Emily’s Hope, an organization fighting the opioid epidemic, is named in honor of Angela Kennecke’s daughter Emily who lost her life to a fentanyl overdose last May. On Friday night at the Washington Pavilion in Sioux Falls, Emily’s Hope held a fundraising art show and auction, with proceeds from the event all going to the organization. The whole goal of the evening was raising money to continue to fight the epidemic that took Emily’s life.

KELOLAND News spoke with Rep. Dusty Johnson and Sen. John Thune at Friday’s event. Johnson says eyes are opening to the opioid epidemic.

“Well I think there’s an awakening, there’s an understanding, there’s an awareness that is building at the federal level,” Johnson said. “In just the last couple of years, there’s been $6 billion appropriated for this fight against opioids, fentanyl, methamphetamine. That is not enough, but it is a foundation upon which we can build.”

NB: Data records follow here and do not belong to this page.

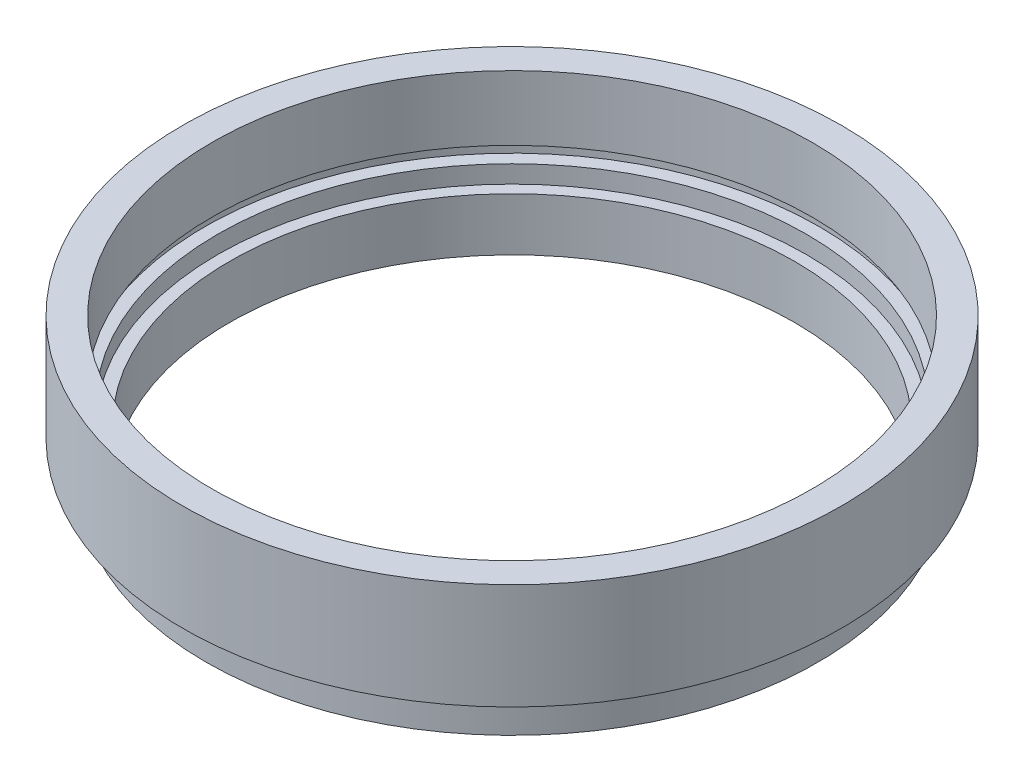
ISO-10303-21;
HEADER;
FILE_DESCRIPTION(('STEP AP214'),'2;1');
FILE_NAME('part.step','',(''),(''),'','','');
FILE_SCHEMA(('AUTOMOTIVE_DESIGN { 1 0 10303 214 1 1 1 1 }'));
ENDSEC;
DATA;
#1=APPLICATION_CONTEXT('core data for automotive mechanical design processes');
#2=APPLICATION_PROTOCOL_DEFINITION('international standard','automotive_design',2000,#1);
#3=PRODUCT_CONTEXT('',#1,'mechanical');
#4=PRODUCT('Part','Part','',(#3));
#5=PRODUCT_RELATED_PRODUCT_CATEGORY('part','',(#4));
#6=PRODUCT_DEFINITION_FORMATION('','',#4);
#7=PRODUCT_DEFINITION_CONTEXT('part definition',#1,'design');
#8=PRODUCT_DEFINITION('design','',#6,#7);
#9=PRODUCT_DEFINITION_SHAPE('','',#8);
#10=(LENGTH_UNIT() NAMED_UNIT(*) SI_UNIT(.MILLI.,.METRE.));
#11=(NAMED_UNIT(*) PLANE_ANGLE_UNIT() SI_UNIT($,.RADIAN.));
#12=(NAMED_UNIT(*) SI_UNIT($,.STERADIAN.) SOLID_ANGLE_UNIT());
#13=UNCERTAINTY_MEASURE_WITH_UNIT(LENGTH_MEASURE(1.E-05),#10,'distance_accuracy_value','');
#14=(GEOMETRIC_REPRESENTATION_CONTEXT(3) GLOBAL_UNCERTAINTY_ASSIGNED_CONTEXT((#13)) GLOBAL_UNIT_ASSIGNED_CONTEXT((#10,
#11,#12)) REPRESENTATION_CONTEXT('',''));
#15=CARTESIAN_POINT('',(0.,0.,0.));
#16=DIRECTION('',(0.,0.,1.));
#17=DIRECTION('',(1.,0.,0.));
#18=AXIS2_PLACEMENT_3D('',#15,#16,#17);
#19=CARTESIAN_POINT('',(0.,0.,0.));
#20=DIRECTION('',(0.,-1.,0.));
#21=DIRECTION('',(0.,0.,-1.));
#22=AXIS2_PLACEMENT_3D('',#19,#20,#21);
#23=CYLINDRICAL_SURFACE('',#22,24.);
#24=CARTESIAN_POINT('',(0.,0.,0.));
#25=DIRECTION('',(0.,-1.,0.));
#26=DIRECTION('',(0.,0.,-1.));
#27=AXIS2_PLACEMENT_3D('',#24,#25,#26);
#28=CIRCLE('',#27,24.);
#29=CARTESIAN_POINT('',(0.,0.,-24.));
#30=VERTEX_POINT('',#29);
#31=EDGE_CURVE('E10',#30,#30,#28,.T.);
#32=ORIENTED_EDGE('',*,*,#31,.T.);
#33=EDGE_LOOP('',(#32));
#34=FACE_BOUND('',#33,.T.);
#35=CARTESIAN_POINT('',(0.,4.5,0.));
#36=DIRECTION('',(0.,-1.,0.));
#37=DIRECTION('',(0.,0.,-1.));
#38=AXIS2_PLACEMENT_3D('',#35,#36,#37);
#39=CIRCLE('',#38,24.);
#40=CARTESIAN_POINT('',(0.,4.5,-24.));
#41=VERTEX_POINT('',#40);
#42=EDGE_CURVE('E79',#41,#41,#39,.T.);
#43=ORIENTED_EDGE('',*,*,#42,.F.);
#44=EDGE_LOOP('',(#43));
#45=FACE_BOUND('',#44,.T.);
#46=ADVANCED_FACE('F33',(#34,#45),#23,.F.);
#47=CARTESIAN_POINT('',(24.,0.,0.));
#48=DIRECTION('',(0.,-1.,0.));
#49=DIRECTION('',(0.,0.,-1.));
#50=AXIS2_PLACEMENT_3D('',#47,#48,#49);
#51=PLANE('',#50);
#52=CARTESIAN_POINT('',(0.,0.,0.));
#53=DIRECTION('',(0.,-1.,0.));
#54=DIRECTION('',(0.,0.,-1.));
#55=AXIS2_PLACEMENT_3D('',#52,#53,#54);
#56=CIRCLE('',#55,26.);
#57=CARTESIAN_POINT('',(0.,0.,-26.));
#58=VERTEX_POINT('',#57);
#59=EDGE_CURVE('E39',#58,#58,#56,.T.);
#60=ORIENTED_EDGE('',*,*,#59,.T.);
#61=EDGE_LOOP('',(#60));
#62=FACE_BOUND('',#61,.T.);
#63=ORIENTED_EDGE('',*,*,#31,.F.);
#64=EDGE_LOOP('',(#63));
#65=FACE_BOUND('',#64,.T.);
#66=ADVANCED_FACE('F87',(#62,#65),#51,.T.);
#67=CARTESIAN_POINT('',(0.,0.,0.));
#68=DIRECTION('',(0.,-1.,0.));
#69=DIRECTION('',(0.,0.,-1.));
#70=AXIS2_PLACEMENT_3D('',#67,#68,#69);
#71=CYLINDRICAL_SURFACE('',#70,26.);
#72=CARTESIAN_POINT('',(0.,2.5,0.));
#73=DIRECTION('',(0.,-1.,0.));
#74=DIRECTION('',(0.,0.,-1.));
#75=AXIS2_PLACEMENT_3D('',#72,#73,#74);
#76=CIRCLE('',#75,26.);
#77=CARTESIAN_POINT('',(0.,2.5,-26.));
#78=VERTEX_POINT('',#77);
#79=EDGE_CURVE('E43',#78,#78,#76,.T.);
#80=ORIENTED_EDGE('',*,*,#79,.T.);
#81=EDGE_LOOP('',(#80));
#82=FACE_BOUND('',#81,.T.);
#83=ORIENTED_EDGE('',*,*,#59,.F.);
#84=EDGE_LOOP('',(#83));
#85=FACE_BOUND('',#84,.T.);
#86=ADVANCED_FACE('F91',(#82,#85),#71,.T.);
#87=CARTESIAN_POINT('',(26.,2.5,0.));
#88=DIRECTION('',(0.,1.,0.));
#89=DIRECTION('',(0.,0.,1.));
#90=AXIS2_PLACEMENT_3D('',#87,#88,#89);
#91=PLANE('',#90);
#92=CARTESIAN_POINT('',(0.,2.5,0.));
#93=DIRECTION('',(0.,-1.,0.));
#94=DIRECTION('',(0.,0.,-1.));
#95=AXIS2_PLACEMENT_3D('',#92,#93,#94);
#96=CIRCLE('',#95,25.5);
#97=CARTESIAN_POINT('',(0.,2.5,-25.5));
#98=VERTEX_POINT('',#97);
#99=EDGE_CURVE('E47',#98,#98,#96,.T.);
#100=ORIENTED_EDGE('',*,*,#99,.T.);
#101=EDGE_LOOP('',(#100));
#102=FACE_BOUND('',#101,.T.);
#103=ORIENTED_EDGE('',*,*,#79,.F.);
#104=EDGE_LOOP('',(#103));
#105=FACE_BOUND('',#104,.T.);
#106=ADVANCED_FACE('F95',(#102,#105),#91,.T.);
#107=CARTESIAN_POINT('',(0.,0.,0.));
#108=DIRECTION('',(0.,-1.,0.));
#109=DIRECTION('',(0.,0.,-1.));
#110=AXIS2_PLACEMENT_3D('',#107,#108,#109);
#111=CYLINDRICAL_SURFACE('',#110,25.5);
#112=CARTESIAN_POINT('',(0.,3.5,0.));
#113=DIRECTION('',(0.,-1.,0.));
#114=DIRECTION('',(0.,0.,-1.));
#115=AXIS2_PLACEMENT_3D('',#112,#113,#114);
#116=CIRCLE('',#115,25.5);
#117=CARTESIAN_POINT('',(0.,3.5,-25.5));
#118=VERTEX_POINT('',#117);
#119=EDGE_CURVE('E52',#118,#118,#116,.T.);
#120=ORIENTED_EDGE('',*,*,#119,.T.);
#121=EDGE_LOOP('',(#120));
#122=FACE_BOUND('',#121,.T.);
#123=ORIENTED_EDGE('',*,*,#99,.F.);
#124=EDGE_LOOP('',(#123));
#125=FACE_BOUND('',#124,.T.);
#126=ADVANCED_FACE('F102',(#122,#125),#111,.T.);
#127=CARTESIAN_POINT('',(25.5,3.5,0.));
#128=DIRECTION('',(0.,-1.,0.));
#129=DIRECTION('',(0.,0.,-1.));
#130=AXIS2_PLACEMENT_3D('',#127,#128,#129);
#131=PLANE('',#130);
#132=CARTESIAN_POINT('',(0.,3.5,0.));
#133=DIRECTION('',(0.,-1.,0.));
#134=DIRECTION('',(0.,0.,-1.));
#135=AXIS2_PLACEMENT_3D('',#132,#133,#134);
#136=CIRCLE('',#135,28.);
#137=CARTESIAN_POINT('',(0.,3.5,-28.));
#138=VERTEX_POINT('',#137);
#139=EDGE_CURVE('E55',#138,#138,#136,.T.);
#140=ORIENTED_EDGE('',*,*,#139,.T.);
#141=EDGE_LOOP('',(#140));
#142=FACE_BOUND('',#141,.T.);
#143=ORIENTED_EDGE('',*,*,#119,.F.);
#144=EDGE_LOOP('',(#143));
#145=FACE_BOUND('',#144,.T.);
#146=ADVANCED_FACE('F106',(#142,#145),#131,.T.);
#147=CARTESIAN_POINT('',(0.,0.,0.));
#148=DIRECTION('',(0.,-1.,0.));
#149=DIRECTION('',(0.,0.,-1.));
#150=AXIS2_PLACEMENT_3D('',#147,#148,#149);
#151=CYLINDRICAL_SURFACE('',#150,28.);
#152=CARTESIAN_POINT('',(0.,12.5,0.));
#153=DIRECTION('',(0.,-1.,0.));
#154=DIRECTION('',(0.,0.,-1.));
#155=AXIS2_PLACEMENT_3D('',#152,#153,#154);
#156=CIRCLE('',#155,28.);
#157=CARTESIAN_POINT('',(0.,12.5,-28.));
#158=VERTEX_POINT('',#157);
#159=EDGE_CURVE('E58',#158,#158,#156,.T.);
#160=ORIENTED_EDGE('',*,*,#159,.T.);
#161=EDGE_LOOP('',(#160));
#162=FACE_BOUND('',#161,.T.);
#163=ORIENTED_EDGE('',*,*,#139,.F.);
#164=EDGE_LOOP('',(#163));
#165=FACE_BOUND('',#164,.T.);
#166=ADVANCED_FACE('F110',(#162,#165),#151,.T.);
#167=CARTESIAN_POINT('',(28.,12.5,0.));
#168=DIRECTION('',(0.,1.,0.));
#169=DIRECTION('',(0.,0.,1.));
#170=AXIS2_PLACEMENT_3D('',#167,#168,#169);
#171=PLANE('',#170);
#172=CARTESIAN_POINT('',(0.,12.5,0.));
#173=DIRECTION('',(0.,-1.,0.));
#174=DIRECTION('',(0.,0.,-1.));
#175=AXIS2_PLACEMENT_3D('',#172,#173,#174);
#176=CIRCLE('',#175,25.5);
#177=CARTESIAN_POINT('',(0.,12.5,-25.5));
#178=VERTEX_POINT('',#177);
#179=EDGE_CURVE('E61',#178,#178,#176,.T.);
#180=ORIENTED_EDGE('',*,*,#179,.T.);
#181=EDGE_LOOP('',(#180));
#182=FACE_BOUND('',#181,.T.);
#183=ORIENTED_EDGE('',*,*,#159,.F.);
#184=EDGE_LOOP('',(#183));
#185=FACE_BOUND('',#184,.T.);
#186=ADVANCED_FACE('F114',(#182,#185),#171,.T.);
#187=CARTESIAN_POINT('',(0.,0.,0.));
#188=DIRECTION('',(0.,-1.,0.));
#189=DIRECTION('',(0.,0.,-1.));
#190=AXIS2_PLACEMENT_3D('',#187,#188,#189);
#191=CYLINDRICAL_SURFACE('',#190,25.5);
#192=CARTESIAN_POINT('',(0.,7.,0.));
#193=DIRECTION('',(0.,-1.,0.));
#194=DIRECTION('',(0.,0.,-1.));
#195=AXIS2_PLACEMENT_3D('',#192,#193,#194);
#196=CIRCLE('',#195,25.5);
#197=CARTESIAN_POINT('',(0.,7.,-25.5));
#198=VERTEX_POINT('',#197);
#199=EDGE_CURVE('E64',#198,#198,#196,.T.);
#200=ORIENTED_EDGE('',*,*,#199,.T.);
#201=EDGE_LOOP('',(#200));
#202=FACE_BOUND('',#201,.T.);
#203=ORIENTED_EDGE('',*,*,#179,.F.);
#204=EDGE_LOOP('',(#203));
#205=FACE_BOUND('',#204,.T.);
#206=ADVANCED_FACE('F118',(#202,#205),#191,.F.);
#207=CARTESIAN_POINT('',(25.5,7.,0.));
#208=DIRECTION('',(0.,-1.,0.));
#209=DIRECTION('',(0.,0.,-1.));
#210=AXIS2_PLACEMENT_3D('',#207,#208,#209);
#211=PLANE('',#210);
#212=CARTESIAN_POINT('',(0.,7.,0.));
#213=DIRECTION('',(0.,-1.,0.));
#214=DIRECTION('',(0.,0.,-1.));
#215=AXIS2_PLACEMENT_3D('',#212,#213,#214);
#216=CIRCLE('',#215,26.1);
#217=CARTESIAN_POINT('',(0.,7.,-26.1));
#218=VERTEX_POINT('',#217);
#219=EDGE_CURVE('E67',#218,#218,#216,.T.);
#220=ORIENTED_EDGE('',*,*,#219,.T.);
#221=EDGE_LOOP('',(#220));
#222=FACE_BOUND('',#221,.T.);
#223=ORIENTED_EDGE('',*,*,#199,.F.);
#224=EDGE_LOOP('',(#223));
#225=FACE_BOUND('',#224,.T.);
#226=ADVANCED_FACE('F122',(#222,#225),#211,.T.);
#227=CARTESIAN_POINT('',(0.,0.,0.));
#228=DIRECTION('',(0.,-1.,0.));
#229=DIRECTION('',(0.,0.,-1.));
#230=AXIS2_PLACEMENT_3D('',#227,#228,#229);
#231=CYLINDRICAL_SURFACE('',#230,26.1);
#232=CARTESIAN_POINT('',(0.,6.,0.));
#233=DIRECTION('',(0.,-1.,0.));
#234=DIRECTION('',(0.,0.,-1.));
#235=AXIS2_PLACEMENT_3D('',#232,#233,#234);
#236=CIRCLE('',#235,26.1);
#237=CARTESIAN_POINT('',(0.,6.,-26.1));
#238=VERTEX_POINT('',#237);
#239=EDGE_CURVE('E70',#238,#238,#236,.T.);
#240=ORIENTED_EDGE('',*,*,#239,.T.);
#241=EDGE_LOOP('',(#240));
#242=FACE_BOUND('',#241,.T.);
#243=ORIENTED_EDGE('',*,*,#219,.F.);
#244=EDGE_LOOP('',(#243));
#245=FACE_BOUND('',#244,.T.);
#246=ADVANCED_FACE('F126',(#242,#245),#231,.F.);
#247=CARTESIAN_POINT('',(26.1,6.,0.));
#248=DIRECTION('',(0.,1.,0.));
#249=DIRECTION('',(0.,0.,1.));
#250=AXIS2_PLACEMENT_3D('',#247,#248,#249);
#251=PLANE('',#250);
#252=CARTESIAN_POINT('',(0.,6.,0.));
#253=DIRECTION('',(0.,-1.,0.));
#254=DIRECTION('',(0.,0.,-1.));
#255=AXIS2_PLACEMENT_3D('',#252,#253,#254);
#256=CIRCLE('',#255,25.);
#257=CARTESIAN_POINT('',(0.,6.,-25.));
#258=VERTEX_POINT('',#257);
#259=EDGE_CURVE('E73',#258,#258,#256,.T.);
#260=ORIENTED_EDGE('',*,*,#259,.T.);
#261=EDGE_LOOP('',(#260));
#262=FACE_BOUND('',#261,.T.);
#263=ORIENTED_EDGE('',*,*,#239,.F.);
#264=EDGE_LOOP('',(#263));
#265=FACE_BOUND('',#264,.T.);
#266=ADVANCED_FACE('F130',(#262,#265),#251,.T.);
#267=CARTESIAN_POINT('',(0.,0.,0.));
#268=DIRECTION('',(0.,-1.,0.));
#269=DIRECTION('',(0.,0.,-1.));
#270=AXIS2_PLACEMENT_3D('',#267,#268,#269);
#271=CYLINDRICAL_SURFACE('',#270,25.);
#272=CARTESIAN_POINT('',(0.,4.5,0.));
#273=DIRECTION('',(0.,-1.,0.));
#274=DIRECTION('',(0.,0.,-1.));
#275=AXIS2_PLACEMENT_3D('',#272,#273,#274);
#276=CIRCLE('',#275,25.);
#277=CARTESIAN_POINT('',(0.,4.5,-25.));
#278=VERTEX_POINT('',#277);
#279=EDGE_CURVE('E76',#278,#278,#276,.T.);
#280=ORIENTED_EDGE('',*,*,#279,.T.);
#281=EDGE_LOOP('',(#280));
#282=FACE_BOUND('',#281,.T.);
#283=ORIENTED_EDGE('',*,*,#259,.F.);
#284=EDGE_LOOP('',(#283));
#285=FACE_BOUND('',#284,.T.);
#286=ADVANCED_FACE('F134',(#282,#285),#271,.F.);
#287=CARTESIAN_POINT('',(25.,4.5,0.));
#288=DIRECTION('',(0.,1.,0.));
#289=DIRECTION('',(0.,0.,1.));
#290=AXIS2_PLACEMENT_3D('',#287,#288,#289);
#291=PLANE('',#290);
#292=ORIENTED_EDGE('',*,*,#42,.T.);
#293=EDGE_LOOP('',(#292));
#294=FACE_BOUND('',#293,.T.);
#295=ORIENTED_EDGE('',*,*,#279,.F.);
#296=EDGE_LOOP('',(#295));
#297=FACE_BOUND('',#296,.T.);
#298=ADVANCED_FACE('F83',(#294,#297),#291,.T.);
#299=CLOSED_SHELL('',(#46,#66,#86,#106,#126,#146,#166,#186,#206,#226,#246,#266,#286,#298));
#300=MANIFOLD_SOLID_BREP('B2',#299);
#301=ADVANCED_BREP_SHAPE_REPRESENTATION('',(#18,#300),#14);
#302=SHAPE_DEFINITION_REPRESENTATION(#9,#301);
ENDSEC;
END-ISO-10303-21;

He also has seen a change in how treatment can happen.

“The other piece of good news is at the state level and the federal level, you’re seeing criminal justice systems being reoriented and focused on evidence-based treatment so we can make sure if people are users, we can get them clean and get them back to being productive members of society,” Johnson said.

Thune says the fight against the opioid crisis has increased.

“It’s really stepped up,” Thune said. “I mean, in the last four years funding for combating and fighting opioid abuse and addiction has increased almost 1,300 percent. It’s an issue that’s really come into focus for the Congress.”

Earlier in the day KELOLAND News also spoke with Sen. Mike Rounds.

“Addiction does not know political boundaries, whether you’re talking about meth which is in rural areas just like it is in your major urban areas, or if you’re talking about opioids, which knows not only no political jurisdiction, it also doesn’t understand economics, either,” Rounds said. “It doesn’t matter how much your family makes, it doesn’t matter what type of an education background you’ve got, the possibility of being addicted to an opioid is still there. And we have to recognize that.”